George Floyd's death sparks protests
George Floyd's death in Minneapolis sparks nationwide protests 06:16

A second night of violent protests erupted over the death of George Floyd, a black man, at the hands of Minneapolis police. Minneapolis Mayor Jacob Frey called for the white officer who put his knee on Floyd's neck, as seen in a graphic video that has sparked national outrage, to be charged

"He'd be alive today if he were white," Frey said of Floyd. "I'm not a prosecutor, but let me be clear, the arresting officer killed someone." 

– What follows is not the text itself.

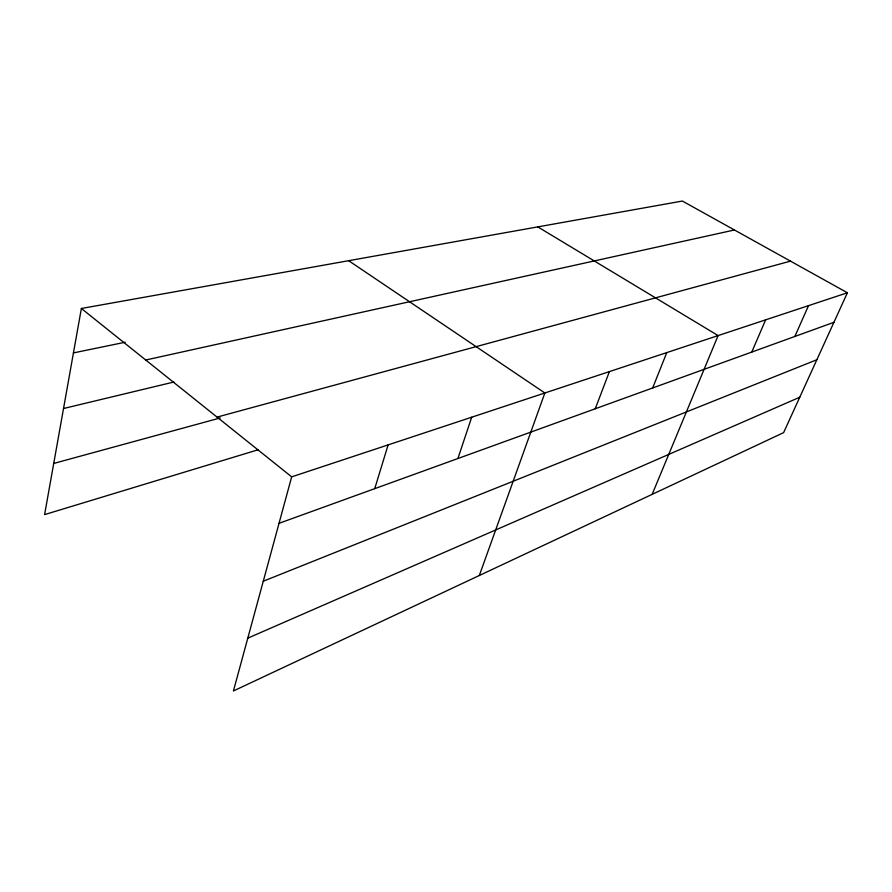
<?xml version="1.0" encoding="UTF-8"?>
<svg xmlns="http://www.w3.org/2000/svg" width="892" height="892" viewBox="0 0 892 892"><rect width="100%" height="100%" fill="white"/><g stroke="black" fill="none" stroke-linecap="round" stroke-linejoin="round"><path stroke-width="1.34" d="M847.4 292.766L291.673 476.852L233.425 690.954L783.622 432.631L847.4 292.766L682.38 201.046L81.373 308.476L44.6 514.606L258.323 449.713M374.74 488.649L388.12 444.896M457.897 458.533L471.712 417.211M479.327 575.496L544.856 392.982L348.66 260.698M595.265 408.759L609.403 371.607M652.665 387.975L666.77 352.596M652.152 494.358L718.105 335.593L537.787 226.891M751.766 352.072L765.637 319.849M794.839 336.462L808.52 305.644M247.786 638.159L799.767 397.23M263.274 581.227L816.871 359.732M279.029 523.325L833.931 322.302M53.732 463.439L220.324 417.924M217.057 417.099L790.502 261.133M63.522 408.514L173.962 381.999M145.742 360.011L734.451 229.98M73.445 352.909L125.259 342.227M81.373 308.476L291.673 476.852"/></g></svg>

The now-infamous video shows Officer Derek Chauvin pinning Floyd's neck with his knee as he pleaded for help. 

"I can't breathe," he said repeatedly, as bystanders can be heard pleading with Chauvin to let up on Floyd. The video continued until Floyd was visibly still.

Chauvin and the other three officers involved have since been fired.

One person died in the overnight protests as some in the mostly-peaceful demonstration resorted to looting nearby businesses, smashing windows and setting fires. Dozens of officers were deployed to break up crowds, and the mayor's office confirms that the National Guard had been called in.

A new report from the Minneapolis Fire Department says paramedics in the ambulance carrying  Floyd checked his pulse "several times…finding none…" He was pronounced dead at the hospital.

Though Frey declined to call Chauvin racist, he did concede that the facts he had seen so far led him "down the path that race was involved."

Floyd's girlfriend, Courteney Ross, said the video makes it clear that her boyfriend was murdered. 

"This is nothing but an angel that was sent to us on Earth. And we demonized him and we killed him," Ross said.

She said Floyd was a gentle giant, and a loving father to his two daughters. 

"He loves them with all his heart," she said. "I don't know if I'm sad or mad… he cannot die in vain."